The list of retailers for people who identify as conservative Republicans is a collection of online stores specializing in tough-man tools and chic housewares. Stores like Grainger and Northern Tool share space with Pottery Barn and Williams Sonoma.

At first blush, that may seem a confused mish-mash of outlets. How big can the overlap possibly be between those who want a Jura Giga X7 Automatic Coffee Center (on sale for $8999.95) and a Makita 11 amp Belt Sander ($289.99)?

But that’s looking at this list the wrong way. In fact, the Hitwise “conservative Republican” list makes a lot of sense as a sign of the internal tensions within the GOP. It’s a mix of stores aimed at establishment GOPers (wealthy, white-collar expensive coffee machine types) and President Donald Trump’s more blue-collar version of the party (power tools and hunting gear).

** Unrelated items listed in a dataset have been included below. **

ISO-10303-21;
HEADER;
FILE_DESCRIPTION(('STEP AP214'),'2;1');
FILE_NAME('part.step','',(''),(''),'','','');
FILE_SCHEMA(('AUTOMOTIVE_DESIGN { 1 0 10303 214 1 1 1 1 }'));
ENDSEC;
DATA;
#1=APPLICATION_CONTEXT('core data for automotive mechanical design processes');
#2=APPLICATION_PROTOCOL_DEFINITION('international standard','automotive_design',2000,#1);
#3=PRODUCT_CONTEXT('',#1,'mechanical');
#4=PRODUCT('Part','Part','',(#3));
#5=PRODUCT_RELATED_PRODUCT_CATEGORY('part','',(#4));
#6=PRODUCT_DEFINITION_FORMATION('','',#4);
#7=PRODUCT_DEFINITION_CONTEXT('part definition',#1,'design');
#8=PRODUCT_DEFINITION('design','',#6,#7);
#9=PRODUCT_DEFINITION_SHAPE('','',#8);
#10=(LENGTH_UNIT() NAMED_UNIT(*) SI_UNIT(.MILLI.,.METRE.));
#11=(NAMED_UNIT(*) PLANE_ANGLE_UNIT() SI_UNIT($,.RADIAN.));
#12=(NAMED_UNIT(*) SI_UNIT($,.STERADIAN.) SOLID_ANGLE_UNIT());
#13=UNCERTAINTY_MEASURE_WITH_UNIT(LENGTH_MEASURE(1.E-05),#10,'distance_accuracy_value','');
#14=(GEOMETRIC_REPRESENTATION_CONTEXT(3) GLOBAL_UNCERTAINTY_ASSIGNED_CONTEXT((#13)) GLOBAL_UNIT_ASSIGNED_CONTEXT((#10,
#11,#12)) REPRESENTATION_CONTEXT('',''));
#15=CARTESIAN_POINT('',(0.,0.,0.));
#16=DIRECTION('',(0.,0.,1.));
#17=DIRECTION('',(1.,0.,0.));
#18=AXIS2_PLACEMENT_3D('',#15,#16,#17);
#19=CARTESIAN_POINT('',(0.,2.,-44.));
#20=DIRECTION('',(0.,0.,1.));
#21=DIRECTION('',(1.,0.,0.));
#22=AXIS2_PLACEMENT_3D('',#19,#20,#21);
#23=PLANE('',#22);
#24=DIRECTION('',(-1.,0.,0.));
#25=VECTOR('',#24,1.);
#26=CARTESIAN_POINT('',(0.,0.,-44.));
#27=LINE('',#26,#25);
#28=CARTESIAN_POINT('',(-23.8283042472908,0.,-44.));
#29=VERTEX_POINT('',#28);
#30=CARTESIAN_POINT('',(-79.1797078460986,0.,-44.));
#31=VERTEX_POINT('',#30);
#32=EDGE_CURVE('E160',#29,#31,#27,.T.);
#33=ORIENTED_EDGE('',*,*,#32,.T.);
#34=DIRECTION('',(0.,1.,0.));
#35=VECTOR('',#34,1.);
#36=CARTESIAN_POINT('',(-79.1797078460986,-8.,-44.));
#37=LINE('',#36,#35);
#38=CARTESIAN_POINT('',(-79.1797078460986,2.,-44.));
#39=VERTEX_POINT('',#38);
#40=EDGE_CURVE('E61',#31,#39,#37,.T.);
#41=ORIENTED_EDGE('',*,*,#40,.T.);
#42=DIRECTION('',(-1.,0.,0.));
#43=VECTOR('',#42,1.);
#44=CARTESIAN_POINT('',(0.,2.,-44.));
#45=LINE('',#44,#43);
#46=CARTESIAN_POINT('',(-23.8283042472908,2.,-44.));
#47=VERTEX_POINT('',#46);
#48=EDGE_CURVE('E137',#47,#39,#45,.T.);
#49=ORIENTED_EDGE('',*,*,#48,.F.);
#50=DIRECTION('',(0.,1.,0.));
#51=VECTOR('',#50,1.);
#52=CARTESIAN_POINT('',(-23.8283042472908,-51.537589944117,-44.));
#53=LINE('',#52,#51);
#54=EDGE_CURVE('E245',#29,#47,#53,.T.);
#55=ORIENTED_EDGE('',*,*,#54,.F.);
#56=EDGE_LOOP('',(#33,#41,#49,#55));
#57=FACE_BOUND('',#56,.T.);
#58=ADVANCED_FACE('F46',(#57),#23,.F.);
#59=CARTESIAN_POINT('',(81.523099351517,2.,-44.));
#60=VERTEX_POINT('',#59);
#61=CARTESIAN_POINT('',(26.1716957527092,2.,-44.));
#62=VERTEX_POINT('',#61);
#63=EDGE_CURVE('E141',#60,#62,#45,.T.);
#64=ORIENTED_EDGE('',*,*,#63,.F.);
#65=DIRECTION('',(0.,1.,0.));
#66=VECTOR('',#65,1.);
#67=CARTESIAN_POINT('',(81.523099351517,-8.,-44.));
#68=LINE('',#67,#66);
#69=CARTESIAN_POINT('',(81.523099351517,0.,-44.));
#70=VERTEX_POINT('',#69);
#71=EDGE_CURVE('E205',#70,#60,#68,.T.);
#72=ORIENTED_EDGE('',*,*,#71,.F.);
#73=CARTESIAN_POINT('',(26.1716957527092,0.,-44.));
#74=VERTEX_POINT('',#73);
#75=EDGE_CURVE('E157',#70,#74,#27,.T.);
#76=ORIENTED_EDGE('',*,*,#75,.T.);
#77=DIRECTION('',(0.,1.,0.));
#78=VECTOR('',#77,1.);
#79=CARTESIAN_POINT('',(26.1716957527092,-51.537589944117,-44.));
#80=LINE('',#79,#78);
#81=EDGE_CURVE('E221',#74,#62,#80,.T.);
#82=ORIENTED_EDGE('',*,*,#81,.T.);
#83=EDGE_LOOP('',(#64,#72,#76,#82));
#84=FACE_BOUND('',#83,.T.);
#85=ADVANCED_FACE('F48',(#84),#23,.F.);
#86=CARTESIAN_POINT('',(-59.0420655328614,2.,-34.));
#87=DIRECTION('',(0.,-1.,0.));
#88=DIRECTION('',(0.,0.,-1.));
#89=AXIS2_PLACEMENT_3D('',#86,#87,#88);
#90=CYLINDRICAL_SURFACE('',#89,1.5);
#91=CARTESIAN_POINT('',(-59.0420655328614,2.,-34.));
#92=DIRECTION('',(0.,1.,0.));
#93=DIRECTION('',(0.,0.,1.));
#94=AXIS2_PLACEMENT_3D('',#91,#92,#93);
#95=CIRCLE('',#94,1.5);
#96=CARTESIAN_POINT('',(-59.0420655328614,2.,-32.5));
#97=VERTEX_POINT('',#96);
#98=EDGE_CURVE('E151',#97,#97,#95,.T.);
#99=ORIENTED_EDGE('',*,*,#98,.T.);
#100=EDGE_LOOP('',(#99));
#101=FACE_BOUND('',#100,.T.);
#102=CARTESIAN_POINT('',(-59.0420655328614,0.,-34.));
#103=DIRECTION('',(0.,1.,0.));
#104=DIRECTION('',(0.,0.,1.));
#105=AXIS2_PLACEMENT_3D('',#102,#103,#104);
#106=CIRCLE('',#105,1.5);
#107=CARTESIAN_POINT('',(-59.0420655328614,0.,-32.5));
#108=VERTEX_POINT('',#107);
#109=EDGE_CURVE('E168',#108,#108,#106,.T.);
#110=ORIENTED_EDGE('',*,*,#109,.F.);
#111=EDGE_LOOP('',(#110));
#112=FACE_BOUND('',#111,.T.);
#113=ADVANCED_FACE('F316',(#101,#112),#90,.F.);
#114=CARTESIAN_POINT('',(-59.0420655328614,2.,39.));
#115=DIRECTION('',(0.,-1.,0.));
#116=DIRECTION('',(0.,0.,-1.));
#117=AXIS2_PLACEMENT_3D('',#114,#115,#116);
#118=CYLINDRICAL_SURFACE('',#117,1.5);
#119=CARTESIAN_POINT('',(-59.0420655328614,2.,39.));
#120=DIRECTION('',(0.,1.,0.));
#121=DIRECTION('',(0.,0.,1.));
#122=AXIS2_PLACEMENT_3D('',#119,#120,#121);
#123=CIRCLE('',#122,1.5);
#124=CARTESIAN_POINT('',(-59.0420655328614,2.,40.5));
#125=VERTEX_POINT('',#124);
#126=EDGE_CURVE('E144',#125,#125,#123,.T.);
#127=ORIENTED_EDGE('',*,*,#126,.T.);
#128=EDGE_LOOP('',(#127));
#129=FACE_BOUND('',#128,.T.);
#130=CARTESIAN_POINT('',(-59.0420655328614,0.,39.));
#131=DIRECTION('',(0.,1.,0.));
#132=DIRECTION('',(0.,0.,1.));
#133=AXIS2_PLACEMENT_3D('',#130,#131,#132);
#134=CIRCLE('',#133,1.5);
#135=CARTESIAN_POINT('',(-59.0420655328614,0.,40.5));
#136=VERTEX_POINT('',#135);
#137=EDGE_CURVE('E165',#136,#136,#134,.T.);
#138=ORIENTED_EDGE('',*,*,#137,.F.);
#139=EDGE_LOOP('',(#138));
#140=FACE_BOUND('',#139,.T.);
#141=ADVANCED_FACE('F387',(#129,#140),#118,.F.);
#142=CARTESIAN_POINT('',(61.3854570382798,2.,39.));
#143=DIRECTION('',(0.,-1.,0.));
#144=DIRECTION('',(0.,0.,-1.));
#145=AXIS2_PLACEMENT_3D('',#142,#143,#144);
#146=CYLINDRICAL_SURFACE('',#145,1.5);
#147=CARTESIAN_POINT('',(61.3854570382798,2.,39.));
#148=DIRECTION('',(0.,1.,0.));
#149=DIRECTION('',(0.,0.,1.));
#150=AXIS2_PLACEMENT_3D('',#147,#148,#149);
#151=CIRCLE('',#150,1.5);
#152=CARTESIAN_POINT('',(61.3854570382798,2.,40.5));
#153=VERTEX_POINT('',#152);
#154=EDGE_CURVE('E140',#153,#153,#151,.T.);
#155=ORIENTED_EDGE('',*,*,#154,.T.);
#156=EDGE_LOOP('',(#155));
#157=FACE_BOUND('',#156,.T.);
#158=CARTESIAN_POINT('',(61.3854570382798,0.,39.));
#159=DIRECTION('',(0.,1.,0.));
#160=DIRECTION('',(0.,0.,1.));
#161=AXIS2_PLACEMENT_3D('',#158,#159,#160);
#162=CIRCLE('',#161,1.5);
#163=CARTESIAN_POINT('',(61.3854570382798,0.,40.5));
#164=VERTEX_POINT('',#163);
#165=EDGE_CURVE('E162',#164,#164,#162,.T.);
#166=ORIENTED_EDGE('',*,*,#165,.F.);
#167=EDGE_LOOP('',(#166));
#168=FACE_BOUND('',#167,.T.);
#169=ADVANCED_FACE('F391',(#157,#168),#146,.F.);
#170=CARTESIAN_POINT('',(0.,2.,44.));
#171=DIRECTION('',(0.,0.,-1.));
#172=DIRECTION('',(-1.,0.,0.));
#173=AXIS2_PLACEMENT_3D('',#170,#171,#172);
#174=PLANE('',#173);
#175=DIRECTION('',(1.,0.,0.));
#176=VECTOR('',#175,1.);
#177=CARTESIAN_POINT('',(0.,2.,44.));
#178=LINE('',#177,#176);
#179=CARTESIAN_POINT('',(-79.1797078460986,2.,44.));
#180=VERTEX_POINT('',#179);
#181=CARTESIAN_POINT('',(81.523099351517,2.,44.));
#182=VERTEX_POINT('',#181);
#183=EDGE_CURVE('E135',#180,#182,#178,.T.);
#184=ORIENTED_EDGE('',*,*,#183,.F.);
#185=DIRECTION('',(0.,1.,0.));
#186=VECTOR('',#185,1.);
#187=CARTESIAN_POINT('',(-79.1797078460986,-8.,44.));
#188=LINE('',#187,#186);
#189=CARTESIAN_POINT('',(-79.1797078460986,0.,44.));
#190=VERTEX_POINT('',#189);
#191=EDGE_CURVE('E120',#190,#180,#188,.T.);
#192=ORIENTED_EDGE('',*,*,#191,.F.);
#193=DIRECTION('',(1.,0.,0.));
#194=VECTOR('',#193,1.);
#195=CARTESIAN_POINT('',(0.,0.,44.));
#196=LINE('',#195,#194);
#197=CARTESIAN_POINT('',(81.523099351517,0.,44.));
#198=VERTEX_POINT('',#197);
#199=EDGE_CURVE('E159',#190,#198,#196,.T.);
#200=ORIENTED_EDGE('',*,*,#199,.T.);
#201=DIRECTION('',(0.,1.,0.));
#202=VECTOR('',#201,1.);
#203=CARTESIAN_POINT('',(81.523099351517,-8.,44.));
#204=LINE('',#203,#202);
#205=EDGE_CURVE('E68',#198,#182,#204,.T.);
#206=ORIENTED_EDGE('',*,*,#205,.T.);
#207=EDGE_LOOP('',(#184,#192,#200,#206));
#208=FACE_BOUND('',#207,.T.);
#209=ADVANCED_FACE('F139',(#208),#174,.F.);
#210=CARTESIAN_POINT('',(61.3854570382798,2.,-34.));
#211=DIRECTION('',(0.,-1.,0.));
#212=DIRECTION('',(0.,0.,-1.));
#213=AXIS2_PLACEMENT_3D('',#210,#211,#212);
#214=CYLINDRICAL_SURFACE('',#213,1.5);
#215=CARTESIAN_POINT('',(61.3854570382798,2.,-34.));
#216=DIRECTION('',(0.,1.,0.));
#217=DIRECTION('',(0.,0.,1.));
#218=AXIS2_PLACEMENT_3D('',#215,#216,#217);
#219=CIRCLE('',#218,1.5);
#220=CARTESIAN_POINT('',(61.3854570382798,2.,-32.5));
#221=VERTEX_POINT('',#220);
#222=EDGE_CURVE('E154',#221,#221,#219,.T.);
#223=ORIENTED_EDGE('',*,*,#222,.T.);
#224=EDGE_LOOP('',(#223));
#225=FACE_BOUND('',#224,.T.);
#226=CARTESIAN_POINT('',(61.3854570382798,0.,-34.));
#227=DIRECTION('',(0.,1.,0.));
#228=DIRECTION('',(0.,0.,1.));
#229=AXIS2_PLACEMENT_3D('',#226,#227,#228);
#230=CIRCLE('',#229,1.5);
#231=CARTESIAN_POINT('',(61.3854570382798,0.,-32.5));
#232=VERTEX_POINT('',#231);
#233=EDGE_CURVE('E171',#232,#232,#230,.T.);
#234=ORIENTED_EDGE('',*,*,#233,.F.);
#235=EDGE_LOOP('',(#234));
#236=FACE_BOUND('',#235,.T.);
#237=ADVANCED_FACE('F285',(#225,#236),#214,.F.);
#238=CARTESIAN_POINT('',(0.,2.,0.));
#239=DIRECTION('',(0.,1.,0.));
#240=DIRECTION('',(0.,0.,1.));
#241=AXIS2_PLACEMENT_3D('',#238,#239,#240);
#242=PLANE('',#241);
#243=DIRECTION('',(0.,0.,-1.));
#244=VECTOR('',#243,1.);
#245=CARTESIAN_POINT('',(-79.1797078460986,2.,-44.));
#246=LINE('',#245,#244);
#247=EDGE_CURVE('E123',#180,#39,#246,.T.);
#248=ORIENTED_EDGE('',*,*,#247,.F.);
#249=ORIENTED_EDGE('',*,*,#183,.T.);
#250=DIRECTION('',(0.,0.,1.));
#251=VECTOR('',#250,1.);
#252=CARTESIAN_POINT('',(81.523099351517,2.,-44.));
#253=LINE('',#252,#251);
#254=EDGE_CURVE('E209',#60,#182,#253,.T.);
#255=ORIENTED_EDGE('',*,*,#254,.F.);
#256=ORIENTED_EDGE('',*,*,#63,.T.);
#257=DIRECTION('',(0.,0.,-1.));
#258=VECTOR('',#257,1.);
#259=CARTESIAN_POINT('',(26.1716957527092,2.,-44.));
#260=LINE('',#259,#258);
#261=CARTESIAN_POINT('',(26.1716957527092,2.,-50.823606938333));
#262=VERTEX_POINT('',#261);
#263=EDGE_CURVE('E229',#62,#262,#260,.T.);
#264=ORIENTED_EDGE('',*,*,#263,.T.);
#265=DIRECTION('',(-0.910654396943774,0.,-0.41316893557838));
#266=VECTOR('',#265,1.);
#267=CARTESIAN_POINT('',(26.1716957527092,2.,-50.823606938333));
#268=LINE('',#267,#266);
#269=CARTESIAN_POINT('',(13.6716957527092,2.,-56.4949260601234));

Also on the list is L.L. Bean, a company that President Trump supported in a January tweet – “Buy L.L. Bean” – after the heiress of the company’s founder appeared on television defending her contributions to Trump. And Lands’ End, a solid, if not flashy, clothing-retailer, also makes the conservative Republican top 10.

Liberal Democrats: Young and Fashion-Oriented

It’s much easier to spy a pattern in the list for online liberal Democratic shoppers. There are many retailers that target a younger, more female audience, particularly where clothes and fashion are concerned: Forever 21, Sephora, ASOS.

Not all these stores are aimed at women, of course. Gap sells clothes to both genders, as does Express. But modern style, particularly inexpensive modern style, is the key element in many of the stores on this list. That makes sense, of course, when you think of the age of liberal Democrats, who tend to be younger than Republicans when pollsters ask party identification questions.

And even though this is a list of online retailers, there is a real-world geographic component to much of it. The stores’ brick-and-mortar locations tend to be heavily based in urban areas, just like liberal Democratic voters.

When you shop at Urban Outfitters online you can be anywhere, but the store’s physical locations are clustered around big cities and college towns. There are only 53 Bloomingdale’s store locations in the United States, but they are all based near big metro areas.

The list is evidence that your everyday, real-life experiences color the world you see and inhabit, even when you are shopping online, where geography doesn’t really matter.

Coming Together

You may notice there is one store that makes both the conservative Republican and liberal Democrat lists: Crate & Barrel. In a country that is politically divided and self-segregated on so many points, that’s an accomplishment. Apparently, conservative or liberal, everyone needs a good 12-ounce water goblet for the holidays.

And there was another store more directly tied to politics in 2017 that scored well for both conservatives and liberals in the Hitwise data: Trumpstore.com.

The online retailer is new and its audience is still relatively small. It sells goods with ties to the Trump brand including a women’s golf jacket (bearing the Trump insignia on the chest), a Toddler-sized Trump Polo and a Trump coin bank that looks like a gold bar.

In the Hitwise data, both conservatives and liberals were more likely than the average American to visit the site, though perhaps for different reasons – one group cheering, the other one jeering. People who described their politics as “middle of the road” were less likely to visit the site.

In that way, the holiday data around Trumpstore.com is reminiscent of the year as a whole in politics. Some people love him and others hate him, but if you are interested in Washington’s prime industry, it’s hard not to talk about President Donald Trump – even when shopping online.